Each line from the first line of the entries through the line holding "#5=PRODUCT_RELATED_PRODUCT_CATEGORY('part','',(#4));" is to be restated word for word; nothing else, and no picture, belongs in the answer.

EXERCISE INPUTS >>
■ ■ ■ ■

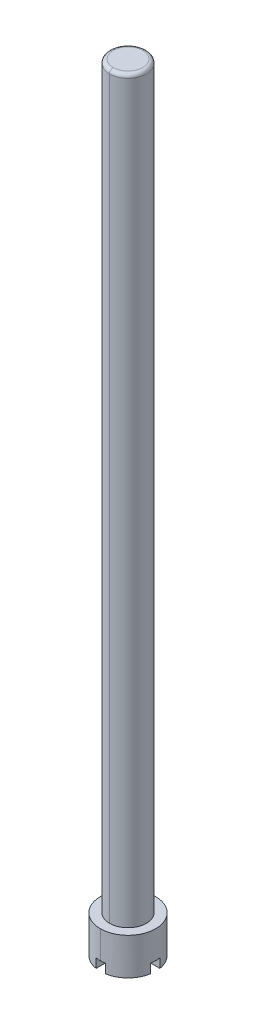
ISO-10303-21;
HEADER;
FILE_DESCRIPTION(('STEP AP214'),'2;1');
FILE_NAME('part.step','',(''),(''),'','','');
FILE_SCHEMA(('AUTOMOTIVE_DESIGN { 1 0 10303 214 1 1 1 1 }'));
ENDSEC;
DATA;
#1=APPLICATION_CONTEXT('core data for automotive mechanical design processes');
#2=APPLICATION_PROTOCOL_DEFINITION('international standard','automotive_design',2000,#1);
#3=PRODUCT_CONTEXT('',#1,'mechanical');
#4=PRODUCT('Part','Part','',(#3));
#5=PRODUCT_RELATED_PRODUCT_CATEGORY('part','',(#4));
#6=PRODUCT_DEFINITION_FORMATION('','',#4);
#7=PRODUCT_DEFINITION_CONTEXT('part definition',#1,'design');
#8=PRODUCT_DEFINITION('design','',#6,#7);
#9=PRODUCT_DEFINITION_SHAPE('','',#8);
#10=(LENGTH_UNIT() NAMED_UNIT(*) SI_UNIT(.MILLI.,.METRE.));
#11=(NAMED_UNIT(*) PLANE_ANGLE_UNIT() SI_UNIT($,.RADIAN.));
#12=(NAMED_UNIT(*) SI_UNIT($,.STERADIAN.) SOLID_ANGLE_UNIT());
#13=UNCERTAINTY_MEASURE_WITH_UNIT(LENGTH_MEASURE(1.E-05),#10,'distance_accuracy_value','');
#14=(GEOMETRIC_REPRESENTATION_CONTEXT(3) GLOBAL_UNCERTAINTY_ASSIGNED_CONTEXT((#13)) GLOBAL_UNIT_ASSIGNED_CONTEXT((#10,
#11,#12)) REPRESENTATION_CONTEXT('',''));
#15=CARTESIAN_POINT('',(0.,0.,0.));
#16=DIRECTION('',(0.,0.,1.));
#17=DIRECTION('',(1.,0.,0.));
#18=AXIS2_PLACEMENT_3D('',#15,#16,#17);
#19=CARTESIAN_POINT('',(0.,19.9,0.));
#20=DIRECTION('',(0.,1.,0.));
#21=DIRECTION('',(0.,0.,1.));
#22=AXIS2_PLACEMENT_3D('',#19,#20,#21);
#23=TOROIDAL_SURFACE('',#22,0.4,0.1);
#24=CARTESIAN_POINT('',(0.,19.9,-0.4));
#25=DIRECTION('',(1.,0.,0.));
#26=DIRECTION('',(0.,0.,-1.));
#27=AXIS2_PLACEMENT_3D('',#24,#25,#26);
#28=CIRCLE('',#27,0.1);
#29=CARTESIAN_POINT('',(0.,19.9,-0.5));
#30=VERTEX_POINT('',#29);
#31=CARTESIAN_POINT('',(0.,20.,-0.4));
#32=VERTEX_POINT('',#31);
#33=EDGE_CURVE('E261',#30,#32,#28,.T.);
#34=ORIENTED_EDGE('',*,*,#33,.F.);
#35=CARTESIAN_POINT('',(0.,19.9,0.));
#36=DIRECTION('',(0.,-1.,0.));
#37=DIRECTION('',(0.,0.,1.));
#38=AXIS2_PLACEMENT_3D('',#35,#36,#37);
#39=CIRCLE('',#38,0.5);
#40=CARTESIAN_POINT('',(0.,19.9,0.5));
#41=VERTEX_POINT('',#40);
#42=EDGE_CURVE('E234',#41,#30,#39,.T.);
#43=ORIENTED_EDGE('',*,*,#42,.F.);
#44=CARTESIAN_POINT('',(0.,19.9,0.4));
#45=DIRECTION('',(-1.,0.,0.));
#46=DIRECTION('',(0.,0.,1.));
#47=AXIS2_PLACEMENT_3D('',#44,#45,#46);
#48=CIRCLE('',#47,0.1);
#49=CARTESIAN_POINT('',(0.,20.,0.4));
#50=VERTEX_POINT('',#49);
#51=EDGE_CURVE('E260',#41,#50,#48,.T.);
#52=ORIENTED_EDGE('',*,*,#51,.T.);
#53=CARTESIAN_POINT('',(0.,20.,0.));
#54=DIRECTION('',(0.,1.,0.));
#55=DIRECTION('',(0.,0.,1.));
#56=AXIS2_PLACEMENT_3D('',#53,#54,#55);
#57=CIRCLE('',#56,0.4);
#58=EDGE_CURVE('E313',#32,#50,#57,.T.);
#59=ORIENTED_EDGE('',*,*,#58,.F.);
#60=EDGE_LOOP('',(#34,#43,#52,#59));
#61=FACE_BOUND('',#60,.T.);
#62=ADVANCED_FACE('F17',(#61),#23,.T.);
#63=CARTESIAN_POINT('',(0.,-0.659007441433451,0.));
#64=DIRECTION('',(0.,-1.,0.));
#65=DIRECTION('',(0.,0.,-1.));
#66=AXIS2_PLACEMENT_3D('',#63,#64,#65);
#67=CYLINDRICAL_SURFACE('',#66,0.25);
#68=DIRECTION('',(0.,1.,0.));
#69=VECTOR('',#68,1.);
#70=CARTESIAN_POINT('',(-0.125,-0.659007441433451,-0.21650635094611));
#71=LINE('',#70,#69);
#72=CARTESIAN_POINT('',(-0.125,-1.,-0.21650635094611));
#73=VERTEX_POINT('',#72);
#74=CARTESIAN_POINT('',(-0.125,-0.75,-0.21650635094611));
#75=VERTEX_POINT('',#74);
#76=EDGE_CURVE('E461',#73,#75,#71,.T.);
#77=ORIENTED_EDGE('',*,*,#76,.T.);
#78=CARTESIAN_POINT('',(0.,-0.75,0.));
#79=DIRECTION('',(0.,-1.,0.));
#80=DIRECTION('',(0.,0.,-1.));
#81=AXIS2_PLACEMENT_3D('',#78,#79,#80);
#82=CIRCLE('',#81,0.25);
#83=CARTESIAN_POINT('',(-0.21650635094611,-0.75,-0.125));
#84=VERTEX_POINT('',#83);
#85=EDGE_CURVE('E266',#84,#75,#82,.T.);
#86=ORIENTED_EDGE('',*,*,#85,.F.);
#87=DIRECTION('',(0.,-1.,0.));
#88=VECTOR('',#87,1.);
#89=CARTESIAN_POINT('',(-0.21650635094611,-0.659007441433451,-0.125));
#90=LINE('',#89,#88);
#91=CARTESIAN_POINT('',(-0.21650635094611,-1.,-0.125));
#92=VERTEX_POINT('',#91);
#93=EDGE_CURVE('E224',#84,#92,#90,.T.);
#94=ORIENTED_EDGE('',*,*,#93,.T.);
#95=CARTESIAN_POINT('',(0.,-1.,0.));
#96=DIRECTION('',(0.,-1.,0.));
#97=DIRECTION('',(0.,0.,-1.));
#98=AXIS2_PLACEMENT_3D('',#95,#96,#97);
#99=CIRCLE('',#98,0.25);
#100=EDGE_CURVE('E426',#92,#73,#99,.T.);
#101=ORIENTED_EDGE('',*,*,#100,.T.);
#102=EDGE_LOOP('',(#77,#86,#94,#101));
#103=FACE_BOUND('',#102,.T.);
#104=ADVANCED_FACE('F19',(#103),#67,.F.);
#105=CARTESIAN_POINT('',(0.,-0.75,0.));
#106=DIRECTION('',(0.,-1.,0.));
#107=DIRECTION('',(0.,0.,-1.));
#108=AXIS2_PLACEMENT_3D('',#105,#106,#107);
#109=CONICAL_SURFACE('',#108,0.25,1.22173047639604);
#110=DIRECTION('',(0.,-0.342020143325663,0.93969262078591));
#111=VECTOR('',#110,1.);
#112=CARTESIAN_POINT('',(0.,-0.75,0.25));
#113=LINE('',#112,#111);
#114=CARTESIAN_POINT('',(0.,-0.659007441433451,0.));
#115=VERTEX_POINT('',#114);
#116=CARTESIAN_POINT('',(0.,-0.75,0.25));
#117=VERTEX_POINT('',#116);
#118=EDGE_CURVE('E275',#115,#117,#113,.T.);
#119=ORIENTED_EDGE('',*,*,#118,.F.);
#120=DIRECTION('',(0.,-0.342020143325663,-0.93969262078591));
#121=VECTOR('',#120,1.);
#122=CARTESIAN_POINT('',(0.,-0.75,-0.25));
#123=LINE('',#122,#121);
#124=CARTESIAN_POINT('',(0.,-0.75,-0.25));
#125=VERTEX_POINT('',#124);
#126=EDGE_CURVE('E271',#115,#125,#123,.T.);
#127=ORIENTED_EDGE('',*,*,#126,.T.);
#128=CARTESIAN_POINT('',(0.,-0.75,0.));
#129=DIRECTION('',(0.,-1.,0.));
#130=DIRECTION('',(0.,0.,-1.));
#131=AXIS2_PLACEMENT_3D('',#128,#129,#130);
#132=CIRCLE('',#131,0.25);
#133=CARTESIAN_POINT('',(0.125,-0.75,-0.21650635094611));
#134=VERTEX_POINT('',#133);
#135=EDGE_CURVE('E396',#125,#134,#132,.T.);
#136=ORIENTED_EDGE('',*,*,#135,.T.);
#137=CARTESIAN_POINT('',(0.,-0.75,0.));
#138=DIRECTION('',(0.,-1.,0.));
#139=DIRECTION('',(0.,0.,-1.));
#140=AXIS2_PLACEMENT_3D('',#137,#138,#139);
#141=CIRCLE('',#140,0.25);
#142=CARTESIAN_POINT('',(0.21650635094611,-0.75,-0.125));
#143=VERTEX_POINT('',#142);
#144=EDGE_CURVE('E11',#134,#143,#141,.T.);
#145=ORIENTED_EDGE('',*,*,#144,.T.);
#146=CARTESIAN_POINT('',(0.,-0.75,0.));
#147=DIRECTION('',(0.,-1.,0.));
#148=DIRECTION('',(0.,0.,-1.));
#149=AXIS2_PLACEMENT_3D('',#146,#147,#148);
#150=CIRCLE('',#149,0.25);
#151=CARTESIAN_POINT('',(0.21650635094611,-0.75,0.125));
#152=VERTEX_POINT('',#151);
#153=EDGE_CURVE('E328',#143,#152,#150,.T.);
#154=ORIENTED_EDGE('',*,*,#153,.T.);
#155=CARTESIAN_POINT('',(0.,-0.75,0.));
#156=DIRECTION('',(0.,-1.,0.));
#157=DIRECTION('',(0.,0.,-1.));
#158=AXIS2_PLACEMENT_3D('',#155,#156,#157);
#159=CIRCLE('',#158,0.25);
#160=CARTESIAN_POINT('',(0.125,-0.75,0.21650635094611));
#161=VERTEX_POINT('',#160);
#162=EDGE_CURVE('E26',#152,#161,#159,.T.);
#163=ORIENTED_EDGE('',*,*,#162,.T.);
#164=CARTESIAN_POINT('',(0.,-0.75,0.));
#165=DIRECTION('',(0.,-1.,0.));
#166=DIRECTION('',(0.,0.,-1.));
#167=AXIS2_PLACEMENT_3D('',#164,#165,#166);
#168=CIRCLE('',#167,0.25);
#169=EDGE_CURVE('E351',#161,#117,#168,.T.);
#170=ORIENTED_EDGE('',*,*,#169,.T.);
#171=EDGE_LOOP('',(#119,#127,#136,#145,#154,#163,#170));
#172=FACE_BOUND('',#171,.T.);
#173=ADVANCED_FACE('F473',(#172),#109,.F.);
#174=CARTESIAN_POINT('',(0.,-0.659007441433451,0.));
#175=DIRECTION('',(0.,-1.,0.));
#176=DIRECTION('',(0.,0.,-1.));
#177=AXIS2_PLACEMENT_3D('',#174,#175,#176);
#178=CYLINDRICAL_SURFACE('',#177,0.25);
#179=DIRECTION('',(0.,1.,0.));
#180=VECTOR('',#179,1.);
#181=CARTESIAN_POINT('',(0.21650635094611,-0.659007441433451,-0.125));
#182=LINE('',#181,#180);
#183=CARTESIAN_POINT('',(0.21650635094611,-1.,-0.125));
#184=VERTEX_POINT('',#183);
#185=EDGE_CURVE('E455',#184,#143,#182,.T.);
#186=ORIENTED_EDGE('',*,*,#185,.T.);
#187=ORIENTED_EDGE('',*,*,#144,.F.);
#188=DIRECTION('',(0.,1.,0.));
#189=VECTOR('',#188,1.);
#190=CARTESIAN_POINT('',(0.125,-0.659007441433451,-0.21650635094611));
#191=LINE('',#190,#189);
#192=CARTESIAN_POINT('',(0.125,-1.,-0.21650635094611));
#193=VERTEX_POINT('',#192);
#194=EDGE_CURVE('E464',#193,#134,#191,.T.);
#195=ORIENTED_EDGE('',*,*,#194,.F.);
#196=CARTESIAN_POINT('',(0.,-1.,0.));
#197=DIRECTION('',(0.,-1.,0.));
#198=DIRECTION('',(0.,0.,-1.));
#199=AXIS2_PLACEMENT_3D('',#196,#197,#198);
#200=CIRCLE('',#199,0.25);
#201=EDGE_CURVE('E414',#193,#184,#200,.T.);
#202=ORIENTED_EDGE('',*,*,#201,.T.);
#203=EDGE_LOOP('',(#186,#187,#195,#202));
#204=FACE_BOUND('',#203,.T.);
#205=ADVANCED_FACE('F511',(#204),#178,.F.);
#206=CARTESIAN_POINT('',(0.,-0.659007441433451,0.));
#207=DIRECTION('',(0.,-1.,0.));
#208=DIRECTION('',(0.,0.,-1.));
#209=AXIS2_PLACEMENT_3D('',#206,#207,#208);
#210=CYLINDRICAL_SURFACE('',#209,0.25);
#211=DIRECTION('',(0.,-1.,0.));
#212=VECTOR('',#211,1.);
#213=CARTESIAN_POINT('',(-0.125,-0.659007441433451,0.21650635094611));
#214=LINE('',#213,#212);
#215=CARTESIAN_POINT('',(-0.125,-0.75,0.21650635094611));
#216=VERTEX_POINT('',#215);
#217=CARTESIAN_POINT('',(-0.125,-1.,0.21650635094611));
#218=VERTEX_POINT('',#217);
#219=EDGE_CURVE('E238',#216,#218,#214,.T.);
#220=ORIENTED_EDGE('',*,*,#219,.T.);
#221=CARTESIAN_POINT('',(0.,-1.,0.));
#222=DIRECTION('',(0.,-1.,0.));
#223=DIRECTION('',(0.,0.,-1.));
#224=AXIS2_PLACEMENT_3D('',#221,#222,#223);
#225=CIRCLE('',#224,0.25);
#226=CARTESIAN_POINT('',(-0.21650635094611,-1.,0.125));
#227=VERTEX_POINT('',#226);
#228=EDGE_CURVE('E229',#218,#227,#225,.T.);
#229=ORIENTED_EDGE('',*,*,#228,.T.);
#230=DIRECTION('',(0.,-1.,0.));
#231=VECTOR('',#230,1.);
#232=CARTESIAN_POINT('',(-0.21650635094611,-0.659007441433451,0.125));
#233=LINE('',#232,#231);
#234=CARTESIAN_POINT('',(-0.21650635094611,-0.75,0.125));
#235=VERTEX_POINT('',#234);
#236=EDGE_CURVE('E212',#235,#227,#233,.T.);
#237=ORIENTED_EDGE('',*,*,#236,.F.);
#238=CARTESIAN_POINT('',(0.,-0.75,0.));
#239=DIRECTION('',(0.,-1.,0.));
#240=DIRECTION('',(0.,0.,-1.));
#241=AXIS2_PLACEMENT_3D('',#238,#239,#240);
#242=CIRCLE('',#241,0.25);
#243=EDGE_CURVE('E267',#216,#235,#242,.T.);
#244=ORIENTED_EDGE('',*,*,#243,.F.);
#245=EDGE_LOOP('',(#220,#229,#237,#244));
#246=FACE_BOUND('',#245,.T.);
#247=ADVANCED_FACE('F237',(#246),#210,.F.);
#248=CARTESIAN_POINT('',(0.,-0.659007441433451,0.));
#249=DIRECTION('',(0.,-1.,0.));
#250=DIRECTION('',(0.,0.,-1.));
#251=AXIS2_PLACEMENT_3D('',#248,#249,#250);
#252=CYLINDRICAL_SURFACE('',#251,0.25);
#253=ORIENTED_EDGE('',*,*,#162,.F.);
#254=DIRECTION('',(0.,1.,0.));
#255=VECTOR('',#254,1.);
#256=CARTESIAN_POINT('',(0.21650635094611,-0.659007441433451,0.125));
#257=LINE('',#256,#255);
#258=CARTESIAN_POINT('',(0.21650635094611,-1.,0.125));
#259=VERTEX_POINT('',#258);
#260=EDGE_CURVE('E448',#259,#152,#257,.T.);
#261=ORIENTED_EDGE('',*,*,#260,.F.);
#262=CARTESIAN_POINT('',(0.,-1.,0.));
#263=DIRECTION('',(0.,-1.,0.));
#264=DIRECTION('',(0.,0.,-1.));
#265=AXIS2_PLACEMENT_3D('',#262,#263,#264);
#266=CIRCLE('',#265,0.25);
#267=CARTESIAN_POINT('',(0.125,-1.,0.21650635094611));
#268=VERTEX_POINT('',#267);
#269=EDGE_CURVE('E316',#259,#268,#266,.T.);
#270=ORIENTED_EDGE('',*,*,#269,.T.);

■ ■ ■ ■

RESULT FOR THIS TASK >>
ISO-10303-21;
HEADER;
FILE_DESCRIPTION(('STEP AP214'),'2;1');
FILE_NAME('part.step','',(''),(''),'','','');
FILE_SCHEMA(('AUTOMOTIVE_DESIGN { 1 0 10303 214 1 1 1 1 }'));
ENDSEC;
DATA;
#1=APPLICATION_CONTEXT('core data for automotive mechanical design processes');
#2=APPLICATION_PROTOCOL_DEFINITION('international standard','automotive_design',2000,#1);
#3=PRODUCT_CONTEXT('',#1,'mechanical');
#4=PRODUCT('Part','Part','',(#3));
#5=PRODUCT_RELATED_PRODUCT_CATEGORY('part','',(#4));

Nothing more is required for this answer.